Attracted to or Repelled by God

The faith of the believer is like two magnets that stick to each other. The magnet may be weak, but its natural state will be to be drawn to the other. Depending on the strength of the magnet, it may perhaps be pushed off the other with force, but it will always return to its natural attraction. A heavy object may be pushed off the ground, but it can only be maintained by force; if you remove the force, the object will return to its position of rest on the ground. So the mind of the believer will always be fixed on God. We may be pushed away from God for a time, pressed by trials and difficulties, weighed down with sorrows, distracted or tempted by luxuries and lusts. But true faith will always return to its natural state, which is to be fixed on God. The Holy Spirit is the bond that ties the believer to God, and no distance can overcome the strength of that bond.

On the other hand, magnets which are turned so that the same polarizations are facing each other (plus to plus, minus to minus) repel each other. As a child I enjoyed pushing magnets against each other when aligned this way, and then when I let them go watching them jump off each other. So too may the reprobate be drawn to God temporarily. He may by force of emotions or events be pushed to think of God, terrified of death, desirous of some earthly advantage, tempted by the attraction of eternal bliss. But this is not his natural state. When the external force is removed, the unbeliever is pushed by his natural revulsion toward God back to his normal state, in alienation and enmity toward God, ruled by the darkness of his mind.

In sum, the unbeliever is naturally repelled by God, though he may by an outside force for a time be pushed toward Him. The believer is naturally fixed on God, though he may by an outside force for a time be pushed away.

Rendering the Disease Incurable

Discussing Pelagius’ denial of original sin, John Calvin says, “Through this subtlety Satan attempted to cover up the disease and thus to render it incurable.”

How true! It often feels more compassionate to downplay the seriousness of sin, to call it something other than what it is, a disease or a weakness or a disability.
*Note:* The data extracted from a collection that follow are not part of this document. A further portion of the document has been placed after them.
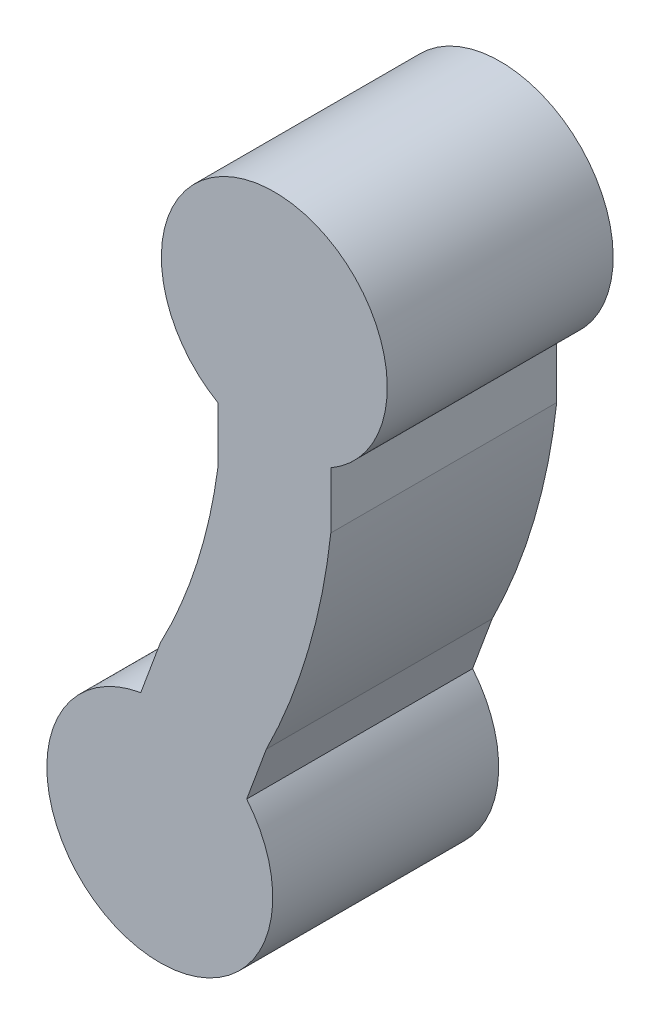
from build123d import *

# Parameters (mm, degrees)
EXTRUDE_1_DEPTH = 2


with BuildPart() as part:
    # 草图1 → 凸台-拉伸1 (new body)
    with BuildSketch(Plane.XY):
        with BuildLine():
            Line((0.5, -1.366025404), (0.5, -0.866025404))
            ThreePointArc((0.5, -0.866025404), (0, 1), (-0.5, -0.866025404))
            Line((-0.5, -0.866025404), (-0.5, -1.366025404))
            ThreePointArc((-0.5, -1.366025404), (-0.683604615, -2.186753802), (-1.008959149, -2.962285996))
            Line((-1.008959149, -2.962285996), (-1.182414706, -3.431235001))
            ThreePointArc((-1.182414706, -3.431235001), (-1.360810655, -5.354832073), (-0.244516696, -3.778146116))
            Line((-0.244516696, -3.778146116), (-0.071061138, -3.309197111))
            ThreePointArc((-0.071061138, -3.309197111), (0.300747459, -2.362966726), (0.5, -1.366025404))
        make_face()
    extrude(amount=-EXTRUDE_1_DEPTH)


solid = part.part
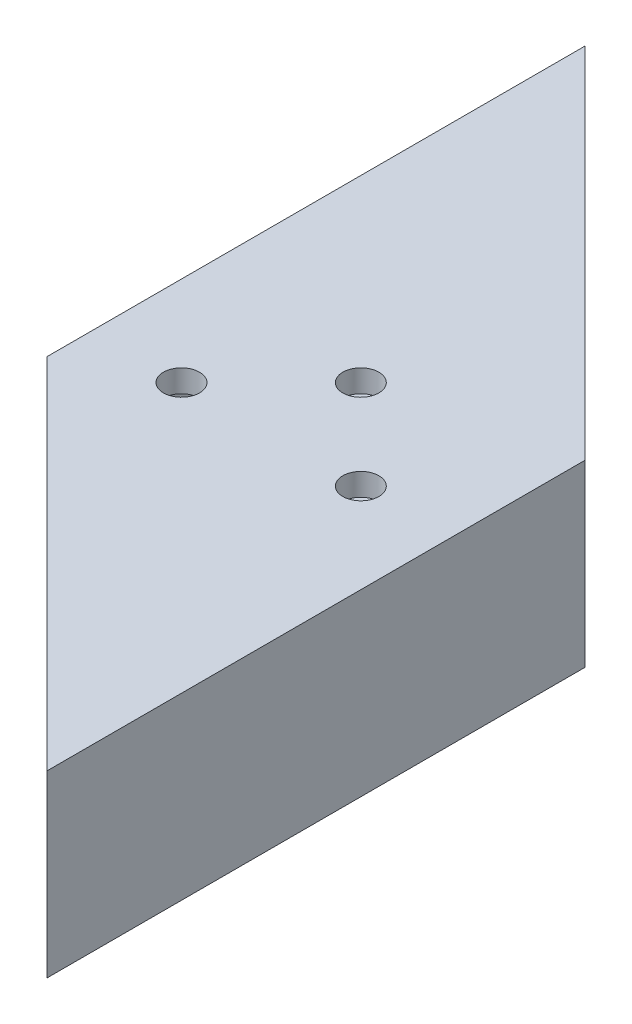
from build123d import *

# Parameters (mm, degrees)
SKETCH1_W           = 50.8
SKETCH1_H           = 25.4
SKETCH1_W_2         = 44.45
SKETCH1_H_2         = 19.05
BOSS_EXTRUDE1_DEPTH = 127
CUT_EXTRUDE1_DEPTH  = 127
SKETCH3_R           = 2.5527
CUT_EXTRUDE2_DEPTH  = 25.4


with BuildPart() as part:
    # Sketch1 → Boss-Extrude1 (new body)
    with BuildSketch(Plane.XY):
        with Locations((25.4, 12.7)):
            Rectangle(SKETCH1_W, SKETCH1_H)
        with Locations((25.4, 12.7)):
            Rectangle(SKETCH1_W_2, SKETCH1_H_2, mode=Mode.SUBTRACT)
    extrude(amount=BOSS_EXTRUDE1_DEPTH)

    # Sketch2 → Cut-Extrude1 (cut)
    with BuildSketch(Plane(origin=(0, 25.4, 0), x_dir=(1, 0, 0), z_dir=(0, 1, 0))):
        Polygon((0, 0), (50.8, -50.8), (50.8, 0), align=None)
        Polygon((0, -76.2), (0, -127), (50.8, -127), align=None)
    extrude(amount=-CUT_EXTRUDE1_DEPTH, mode=Mode.SUBTRACT)

    # Sketch3 → Cut-Extrude2 (cut)
    with BuildSketch(Plane(origin=(0, 25.4, 0), x_dir=(1, 0, 0), z_dir=(0, 1, 0))):
        with Locations((12.7, -69.85)):
            Circle(SKETCH3_R)
        with Locations((38.1, -69.85)):
            Circle(SKETCH3_R)
        with Locations((25.4, -57.15)):
            Circle(SKETCH3_R)
    extrude(amount=-CUT_EXTRUDE2_DEPTH, mode=Mode.SUBTRACT)


solid = part.part
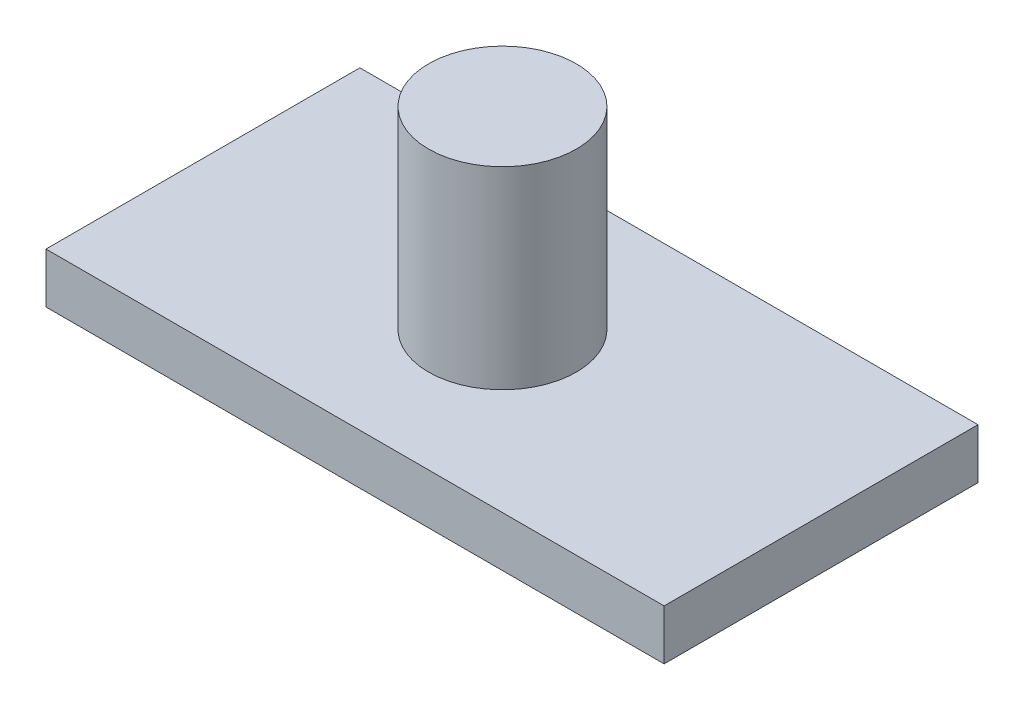
from build123d import *

# Parameters (mm, degrees)
SKETCH1_W           = 81.28
SKETCH1_H           = 41.275
BOSS_EXTRUDE1_DEPTH = 6.604
SKETCH2_R           = 9.71644534
BOSS_EXTRUDE2_DEPTH = 25.4


with BuildPart() as part:
    # Sketch1 → Boss-Extrude1 (new body)
    with BuildSketch(Plane(origin=(0, 0, 0), x_dir=(1, 0, 0), z_dir=(0, 1, 0))):
        with Locations((40.64, -20.6375)):
            Rectangle(SKETCH1_W, SKETCH1_H)
    extrude(amount=BOSS_EXTRUDE1_DEPTH)

    # Sketch2 → Boss-Extrude2 (add)
    with BuildSketch(Plane(origin=(0, 6.604, 0), x_dir=(1, 0, 0), z_dir=(0, 1, 0))):
        with Locations((39.171548595, -20.421551264)):
            Circle(SKETCH2_R)
    extrude(amount=BOSS_EXTRUDE2_DEPTH)


solid = part.part
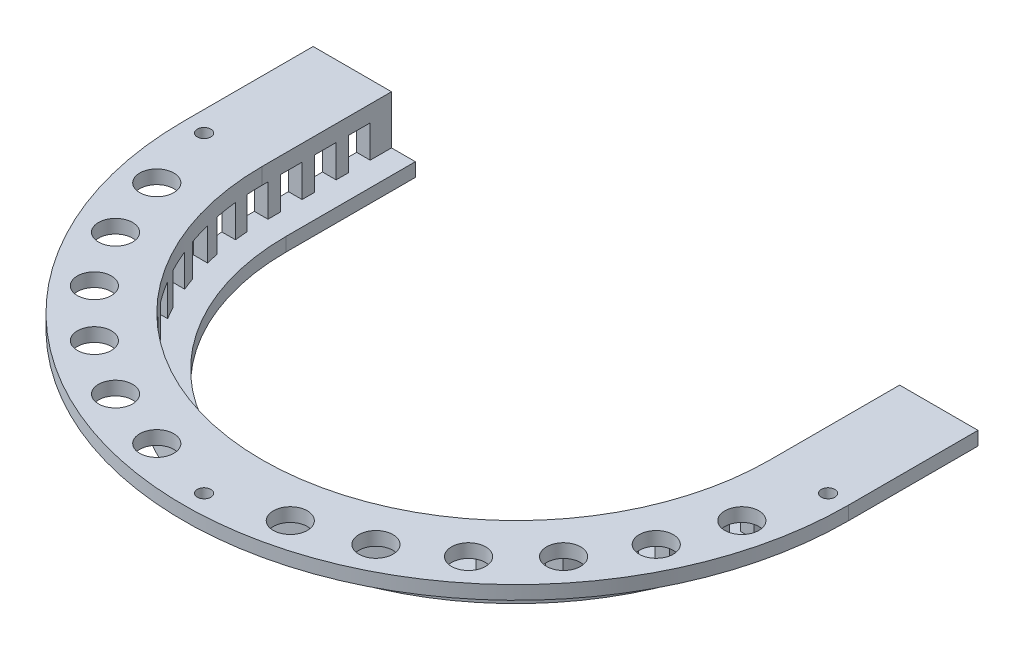
from build123d import *

# Parameters (mm, degrees)
REVOLVE1_ANGLE      = 180
BOSS_EXTRUDE1_DEPTH = 38
BOSS_EXTRUDE2_DEPTH = 38
SKETCH4_R           = 2
SKETCH4_R_2         = 5
CUT_EXTRUDE1_DEPTH  = 139.696209821
SKETCH5_W           = 6.35
SKETCH5_H           = 9.5
CUT_EXTRUDE2_DEPTH  = 202.823634998


with BuildPart() as part:
    # Sketch1 → Revolve1 (revolve)
    with BuildSketch(Plane.XY):
        Polygon((-74.551832937, 0), (-74.551832937, 14.28), (-78.551832937, 14.28), (-97.551832937, 14.28), (-97.551832937, 10.28), (-78.551832937, 10.28), (-78.551832937, -4), (-67.551832937, -4), (-67.551832937, 0), align=None)
    revolve(axis=Axis((0, 0, 0), (0, 1, 0)), revolution_arc=REVOLVE1_ANGLE)

    # Sketch3 → Boss-Extrude1 (add)
    with BuildSketch(Plane(origin=(0, 0, 0), x_dir=(-1, 0, 0), z_dir=(0, 0, -1))):
        Polygon((-97.551832937, 14.28), (-74.551832937, 14.28), (-74.551832937, 0), (-67.551832937, 0), (-67.551832937, -4), (-78.551832937, -4), (-78.551832937, 10.28), (-97.551832937, 10.28), align=None)
    extrude(amount=BOSS_EXTRUDE1_DEPTH)

    # Sketch1_2 → Boss-Extrude2 (add)
    with BuildSketch(Plane.XY):
        Polygon((-74.551832937, 0), (-74.551832937, 14.28), (-78.551832937, 14.28), (-97.551832937, 14.28), (-97.551832937, 10.28), (-78.551832937, 10.28), (-78.551832937, -4), (-67.551832937, -4), (-67.551832937, 0), align=None)
    extrude(amount=-BOSS_EXTRUDE2_DEPTH)

    # Sketch4 → Cut-Extrude1 (cut, through all)
    with BuildSketch(Plane(origin=(0, 10.28, 0), x_dir=(-1, 0, 0), z_dir=(0, -1, 0))):
        with Locations((0, -91.551832937)):
            Circle(SKETCH4_R)
        with Locations((-91.551832937, 0)):
            Circle(SKETCH4_R)
        with Locations((91.551832937, 0)):
            Circle(SKETCH4_R)
        with Locations((85.844189649, -19.593376102)):
            Circle(SKETCH4_R_2)
        with Locations((79.331960238, -38.204258511)):
            Circle(SKETCH4_R_2)
        with Locations((68.841695079, -54.899419871)):
            Circle(SKETCH4_R_2)
        with Locations((54.899419871, -68.841695079)):
            Circle(SKETCH4_R_2)
        with Locations((38.204258511, -79.331960238)):
            Circle(SKETCH4_R_2)
        with Locations((19.593376102, -85.844189649)):
            Circle(SKETCH4_R_2)
        with Locations((-19.593376102, -85.844189649)):
            Circle(SKETCH4_R_2)
        with Locations((-38.204258511, -79.331960238)):
            Circle(SKETCH4_R_2)
        with Locations((-54.899419871, -68.841695079)):
            Circle(SKETCH4_R_2)
        with Locations((-68.841695079, -54.899419871)):
            Circle(SKETCH4_R_2)
        with Locations((-79.331960238, -38.204258511)):
            Circle(SKETCH4_R_2)
        with Locations((-85.844189649, -19.593376102)):
            Circle(SKETCH4_R_2)
    extrude(amount=-CUT_EXTRUDE1_DEPTH, mode=Mode.SUBTRACT)

    # Sketch5 → Cut-Extrude2 (cut, through all)
    with BuildSketch(Plane(origin=(78.551832937, 0, 0), x_dir=(0, 0, -1), z_dir=(1, 0, 0))):
        with Locations((28.575, 4.75)):
            Rectangle(SKETCH5_W, SKETCH5_H)
        with Locations((18.575, 4.75)):
            Rectangle(SKETCH5_W, SKETCH5_H)
        with Locations((8.575, 4.75)):
            Rectangle(SKETCH5_W, SKETCH5_H)
        with Locations((-1.425, 4.75)):
            Rectangle(SKETCH5_W, SKETCH5_H)
        with Locations((-11.425, 4.75)):
            Rectangle(SKETCH5_W, SKETCH5_H)
        with Locations((-21.425, 4.75)):
            Rectangle(SKETCH5_W, SKETCH5_H)
        with Locations((-31.425, 4.75)):
            Rectangle(SKETCH5_W, SKETCH5_H)
        with Locations((-41.425, 4.75)):
            Rectangle(SKETCH5_W, SKETCH5_H)
        with Locations((-51.425, 4.75)):
            Rectangle(SKETCH5_W, SKETCH5_H)
        with Locations((-61.425, 4.75)):
            Rectangle(SKETCH5_W, SKETCH5_H)
    extrude(amount=-CUT_EXTRUDE2_DEPTH, mode=Mode.SUBTRACT)


solid = part.part

But Calvin here nails it. All such attempts are not compassionate, but the opposite. Sin is a wicked rebellion against our creator. Calling it anything else is not a kindness, but rather a cruelty, as it “renders it incurable”. Calvin calls it a disease here, but only as an analogy, and not to say that sin is a medical condition which requires scientific treatments, as is so often proposed today. Calvin knew full well that there was only one cure for sin and for all that truly debilitates man, and he knew that the radical nature of the problem required an equally radical solution. Nothing but the blood of Jesus Christ will suffice.

Satan does not want you to be freed from sin. Satan wants you dead. One way he commonly achieves that result is to lull you to sleep, to calm your fears, to convince you that nothing is wrong with you, like a poisoner who tells you your stomach pain must just be indigestion which soon will pass. Therefore everyone ought to be thankful that God loves His creation enough to speak the harsh truth of our real condition, and to provide a remedy for it, in the blood of Christ and the power of the Spirit. Instead people say that orthodox Christianity is harsh and cruel, because that faith speaks the truth of man’s real state without concern for our feelings. But is it love to refrain from telling a man that he is dying, in order to spare his feelings?